Решение о том, рассматривать ли то или иное предложение как элемент дискурса в качестве буквального, абсурдного или метафорического, не в последнюю очередь зависит от семантической структуры как предшествующих, так и последующих предложений (кон)текста. В первом случае мы имеем дело с анафорической, а во втором – с катафорической референцией. Предшествующую, т. е. левую, позицию можно условно представить как предконтекст, а последующую, правую – как постконтекст. На вертикальной оси подобной воображаемой геометрической конструкции будут представлены энциклопедические знания коммуникантов и общие знания о ситуации.
Отметим также, что метафора, возникающая в результате интеракции гетерогенных концептов и генерирующая вокруг себя семантическое поле напряжения, не только детерминирует внутреннюю динамику дискурса, но и модифицирует его таким образом, что он приобретает метафорический статус.
1.3. Контекстуальный аспект метафорики
Любое слово – это прежде всего открытая система, обменивающаяся информацией со своим окружением. Структура слова, с одной стороны, стабильна, а с другой – достаточно проницаема. Слово интегрируется в структуру предложения, которое в свою очередь интегрируется в контекст. Именно в контексте и происходит окончательная детерминация его значения. Другими словами, контекст немедленно обнаруживает смысловой ключ, в котором следует понимать данное слово.

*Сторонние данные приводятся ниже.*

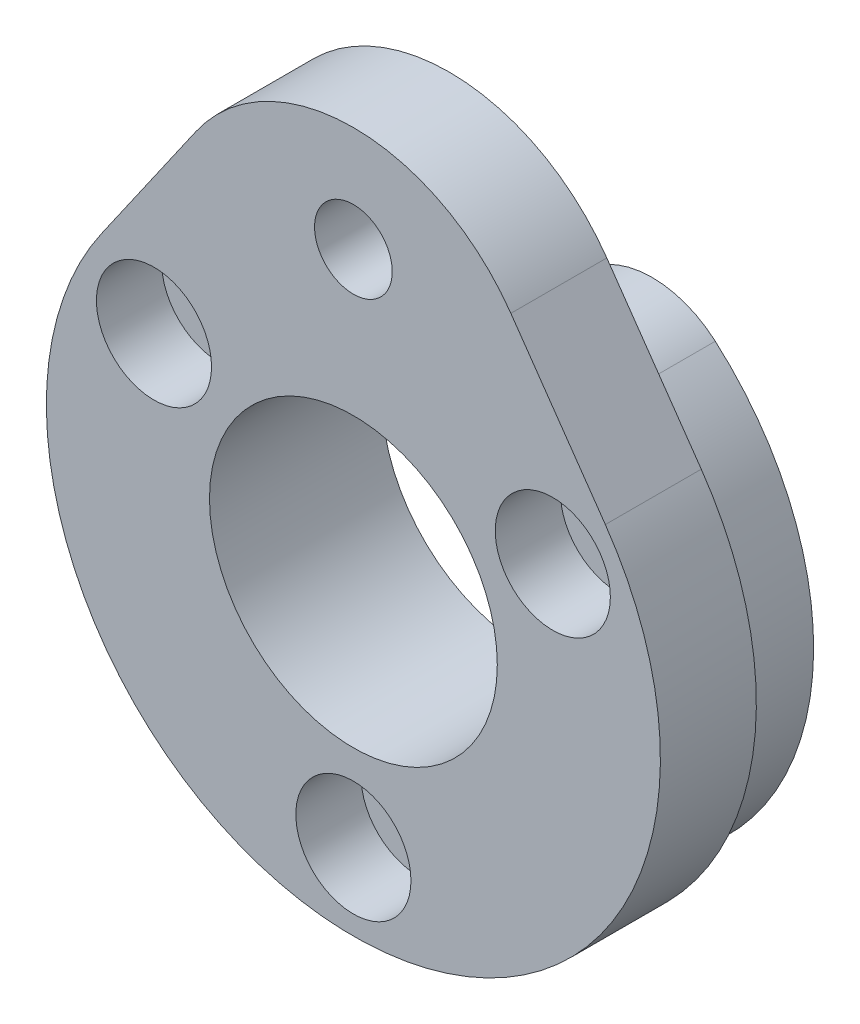
ISO-10303-21;
HEADER;
FILE_DESCRIPTION(('STEP AP214'),'2;1');
FILE_NAME('part.step','',(''),(''),'','','');
FILE_SCHEMA(('AUTOMOTIVE_DESIGN { 1 0 10303 214 1 1 1 1 }'));
ENDSEC;
DATA;
#1=APPLICATION_CONTEXT('core data for automotive mechanical design processes');
#2=APPLICATION_PROTOCOL_DEFINITION('international standard','automotive_design',2000,#1);
#3=PRODUCT_CONTEXT('',#1,'mechanical');
#4=PRODUCT('Part','Part','',(#3));
#5=PRODUCT_RELATED_PRODUCT_CATEGORY('part','',(#4));
#6=PRODUCT_DEFINITION_FORMATION('','',#4);
#7=PRODUCT_DEFINITION_CONTEXT('part definition',#1,'design');
#8=PRODUCT_DEFINITION('design','',#6,#7);
#9=PRODUCT_DEFINITION_SHAPE('','',#8);
#10=(LENGTH_UNIT() NAMED_UNIT(*) SI_UNIT(.MILLI.,.METRE.));
#11=(NAMED_UNIT(*) PLANE_ANGLE_UNIT() SI_UNIT($,.RADIAN.));
#12=(NAMED_UNIT(*) SI_UNIT($,.STERADIAN.) SOLID_ANGLE_UNIT());
#13=UNCERTAINTY_MEASURE_WITH_UNIT(LENGTH_MEASURE(1.E-05),#10,'distance_accuracy_value','');
#14=(GEOMETRIC_REPRESENTATION_CONTEXT(3) GLOBAL_UNCERTAINTY_ASSIGNED_CONTEXT((#13)) GLOBAL_UNIT_ASSIGNED_CONTEXT((#10,
#11,#12)) REPRESENTATION_CONTEXT('',''));
#15=CARTESIAN_POINT('',(0.,0.,0.));
#16=DIRECTION('',(0.,0.,1.));
#17=DIRECTION('',(1.,0.,0.));
#18=AXIS2_PLACEMENT_3D('',#15,#16,#17);
#19=CARTESIAN_POINT('',(0.,15.,5.));
#20=DIRECTION('',(0.,0.,-1.));
#21=DIRECTION('',(-1.,0.,0.));
#22=AXIS2_PLACEMENT_3D('',#19,#20,#21);
#23=CYLINDRICAL_SURFACE('',#22,2.025);
#24=CARTESIAN_POINT('',(0.,15.,5.));
#25=DIRECTION('',(0.,0.,1.));
#26=DIRECTION('',(1.,0.,0.));
#27=AXIS2_PLACEMENT_3D('',#24,#25,#26);
#28=CIRCLE('',#27,2.025);
#29=CARTESIAN_POINT('',(2.025,15.,5.));
#30=VERTEX_POINT('',#29);
#31=EDGE_CURVE('E221',#30,#30,#28,.T.);
#32=ORIENTED_EDGE('',*,*,#31,.T.);
#33=EDGE_LOOP('',(#32));
#34=FACE_BOUND('',#33,.T.);
#35=CARTESIAN_POINT('',(0.,15.,2.05));
#36=DIRECTION('',(0.,0.,-1.));
#37=DIRECTION('',(-1.,0.,0.));
#38=AXIS2_PLACEMENT_3D('',#35,#36,#37);
#39=CIRCLE('',#38,2.025);
#40=CARTESIAN_POINT('',(-2.025,15.,2.05));
#41=VERTEX_POINT('',#40);
#42=EDGE_CURVE('E146',#41,#41,#39,.T.);
#43=ORIENTED_EDGE('',*,*,#42,.T.);
#44=EDGE_LOOP('',(#43));
#45=FACE_BOUND('',#44,.T.);
#46=ADVANCED_FACE('F45',(#34,#45),#23,.F.);
#47=CARTESIAN_POINT('',(0.,0.,5.));
#48=DIRECTION('',(0.,0.,1.));
#49=DIRECTION('',(1.,0.,0.));
#50=AXIS2_PLACEMENT_3D('',#47,#48,#49);
#51=PLANE('',#50);
#52=CARTESIAN_POINT('',(0.,-12.,5.));
#53=DIRECTION('',(0.,0.,1.));
#54=DIRECTION('',(1.,0.,0.));
#55=AXIS2_PLACEMENT_3D('',#52,#53,#54);
#56=CIRCLE('',#55,3.);
#57=CARTESIAN_POINT('',(3.,-12.,5.));
#58=VERTEX_POINT('',#57);
#59=EDGE_CURVE('E156',#58,#58,#56,.T.);
#60=ORIENTED_EDGE('',*,*,#59,.F.);
#61=EDGE_LOOP('',(#60));
#62=FACE_BOUND('',#61,.T.);
#63=CARTESIAN_POINT('',(-10.3923048454132,6.00000000000005,5.));
#64=DIRECTION('',(0.,0.,1.));
#65=DIRECTION('',(1.,0.,0.));
#66=AXIS2_PLACEMENT_3D('',#63,#64,#65);
#67=CIRCLE('',#66,3.);
#68=CARTESIAN_POINT('',(-7.39230484541323,6.00000000000005,5.));
#69=VERTEX_POINT('',#68);
#70=EDGE_CURVE('E172',#69,#69,#67,.T.);
#71=ORIENTED_EDGE('',*,*,#70,.F.);
#72=EDGE_LOOP('',(#71));
#73=FACE_BOUND('',#72,.T.);
#74=CARTESIAN_POINT('',(10.3923048454133,5.9999999999999,5.));
#75=DIRECTION('',(0.,0.,1.));
#76=DIRECTION('',(1.,0.,0.));
#77=AXIS2_PLACEMENT_3D('',#74,#75,#76);
#78=CIRCLE('',#77,3.);
#79=CARTESIAN_POINT('',(13.3923048454133,5.9999999999999,5.));
#80=VERTEX_POINT('',#79);
#81=EDGE_CURVE('E187',#80,#80,#78,.T.);
#82=ORIENTED_EDGE('',*,*,#81,.F.);
#83=EDGE_LOOP('',(#82));
#84=FACE_BOUND('',#83,.T.);
#85=ORIENTED_EDGE('',*,*,#31,.F.);
#86=EDGE_LOOP('',(#85));
#87=FACE_BOUND('',#86,.T.);
#88=DIRECTION('',(-0.571428571428572,0.82065180664829,0.));
#89=VECTOR('',#88,1.);
#90=CARTESIAN_POINT('',(0.,28.,5.));
#91=LINE('',#90,#89);
#92=CARTESIAN_POINT('',(13.1304289063726,9.14285714285716,5.));
#93=VERTEX_POINT('',#92);
#94=CARTESIAN_POINT('',(8.20651806648289,16.2142857142857,5.));
#95=VERTEX_POINT('',#94);
#96=EDGE_CURVE('E233',#93,#95,#91,.T.);
#97=ORIENTED_EDGE('',*,*,#96,.T.);
#98=CARTESIAN_POINT('',(0.,10.5,5.));
#99=DIRECTION('',(0.,0.,1.));
#100=DIRECTION('',(1.,0.,0.));
#101=AXIS2_PLACEMENT_3D('',#98,#99,#100);
#102=CIRCLE('',#101,10.);
#103=CARTESIAN_POINT('',(-8.20651806648289,16.2142857142857,5.));
#104=VERTEX_POINT('',#103);
#105=EDGE_CURVE('E217',#95,#104,#102,.T.);
#106=ORIENTED_EDGE('',*,*,#105,.T.);
#107=DIRECTION('',(-0.571428571428572,-0.82065180664829,0.));
#108=VECTOR('',#107,1.);
#109=CARTESIAN_POINT('',(0.,28.,5.));
#110=LINE('',#109,#108);
#111=CARTESIAN_POINT('',(-13.1304289063726,9.14285714285716,5.));
#112=VERTEX_POINT('',#111);
#113=EDGE_CURVE('E226',#104,#112,#110,.T.);
#114=ORIENTED_EDGE('',*,*,#113,.T.);
#115=CARTESIAN_POINT('',(0.,0.,5.));
#116=DIRECTION('',(0.,0.,1.));
#117=DIRECTION('',(1.,0.,0.));
#118=AXIS2_PLACEMENT_3D('',#115,#116,#117);
#119=CIRCLE('',#118,16.);
#120=EDGE_CURVE('E229',#112,#93,#119,.T.);
#121=ORIENTED_EDGE('',*,*,#120,.T.);
#122=EDGE_LOOP('',(#97,#106,#114,#121));
#123=FACE_BOUND('',#122,.T.);
#124=CARTESIAN_POINT('',(0.,0.,5.));
#125=DIRECTION('',(0.,0.,1.));
#126=DIRECTION('',(1.,0.,0.));
#127=AXIS2_PLACEMENT_3D('',#124,#125,#126);
#128=CIRCLE('',#127,7.5);
#129=CARTESIAN_POINT('',(7.5,0.,5.));
#130=VERTEX_POINT('',#129);
#131=EDGE_CURVE('E211',#130,#130,#128,.T.);
#132=ORIENTED_EDGE('',*,*,#131,.F.);
#133=EDGE_LOOP('',(#132));
#134=FACE_BOUND('',#133,.T.);
#135=ADVANCED_FACE('F312',(#62,#73,#84,#87,#123,#134),#51,.T.);
#136=CARTESIAN_POINT('',(0.,0.,0.));
#137=DIRECTION('',(0.,0.,1.));
#138=DIRECTION('',(1.,0.,0.));
#139=AXIS2_PLACEMENT_3D('',#136,#137,#138);
#140=PLANE('',#139);
#141=CARTESIAN_POINT('',(0.,15.,0.));
#142=DIRECTION('',(0.,0.,-1.));
#143=DIRECTION('',(-1.,0.,0.));
#144=AXIS2_PLACEMENT_3D('',#141,#142,#143);
#145=CIRCLE('',#144,3.75);
#146=CARTESIAN_POINT('',(-3.75,15.,0.));
#147=VERTEX_POINT('',#146);
#148=EDGE_CURVE('E141',#147,#147,#145,.T.);
#149=ORIENTED_EDGE('',*,*,#148,.F.);
#150=EDGE_LOOP('',(#149));
#151=FACE_BOUND('',#150,.T.);
#152=CARTESIAN_POINT('',(0.,0.,0.));
#153=DIRECTION('',(0.,0.,-1.));
#154=DIRECTION('',(-1.,0.,0.));
#155=AXIS2_PLACEMENT_3D('',#152,#153,#154);
#156=CIRCLE('',#155,14.985);
#157=CARTESIAN_POINT('',(9.8614864412549,11.2827882267171,0.));
#158=VERTEX_POINT('',#157);
#159=CARTESIAN_POINT('',(-9.98277524730107,11.1756173593172,0.));
#160=VERTEX_POINT('',#159);
#161=EDGE_CURVE('E212',#158,#160,#156,.T.);
#162=ORIENTED_EDGE('',*,*,#161,.F.);
#163=CARTESIAN_POINT('',(6.57103384157025,7.51809412370839,0.));
#164=DIRECTION('',(0.,0.,1.));
#165=DIRECTION('',(1.,0.,0.));
#166=AXIS2_PLACEMENT_3D('',#163,#164,#165);
#167=CIRCLE('',#166,5.);
#168=CARTESIAN_POINT('',(3.24505353510487,11.2514377994238,0.));
#169=VERTEX_POINT('',#168);
#170=EDGE_CURVE('E11',#158,#169,#167,.T.);
#171=ORIENTED_EDGE('',*,*,#170,.T.);
#172=CARTESIAN_POINT('',(-0.0809267713605056,14.9847814751393,0.));
#173=DIRECTION('',(0.,0.,1.));
#174=DIRECTION('',(1.,0.,0.));
#175=AXIS2_PLACEMENT_3D('',#172,#173,#174);
#176=CIRCLE('',#175,5.);
#177=CARTESIAN_POINT('',(-3.36638967344472,11.2157320566481,0.));
#178=VERTEX_POINT('',#177);
#179=EDGE_CURVE('E153',#169,#178,#176,.F.);
#180=ORIENTED_EDGE('',*,*,#179,.T.);
#181=CARTESIAN_POINT('',(-6.65185257552894,7.44668263815701,0.));
#182=DIRECTION('',(0.,0.,1.));
#183=DIRECTION('',(1.,0.,0.));
#184=AXIS2_PLACEMENT_3D('',#181,#182,#183);
#185=CIRCLE('',#184,5.);
#186=EDGE_CURVE('E54',#178,#160,#185,.T.);
#187=ORIENTED_EDGE('',*,*,#186,.T.);
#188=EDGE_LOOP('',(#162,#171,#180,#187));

Г. В. Колшанский определяет контекст как совокупность формально фиксированных условий, при которых однозначно выявляется содержание какой-либо языковой единицы (Колшанский, 1959: 47). Сам контекст детерминирует условия появления и накладывает жесткие ограничения на функционирование тех или иных слов в его рамках.
Контекст неизбежно присутствует в любой форме коммуникации, писал в свое время известный американский философ Джон Дьюи. Он инкорпорируется во все, что мы говорим и является арбитром ценности каждого нашего выказывания. Идеи и слова, выхваченные из контекста, звучали бы по меньшей мере экстравагантно и не имели бы смысла, поскольку именно контекст контролирует ход наших мыслей (Dewey, 1931: 206). Исследуя лишь отдельные факты языка, т. е. семантические события (events), и в то же время игнорируя общий фон, на котором разворачиваются эти события, невозможно прийти ни к какому объективному научному результату. Фон, о котором в данном случае идет речь, т. е. контекст, представляет собой каузальный фактор, детерминирующий появление интересующих нас фактов или деталей и связывающий их в единое целое (Dewey, 1931: 208).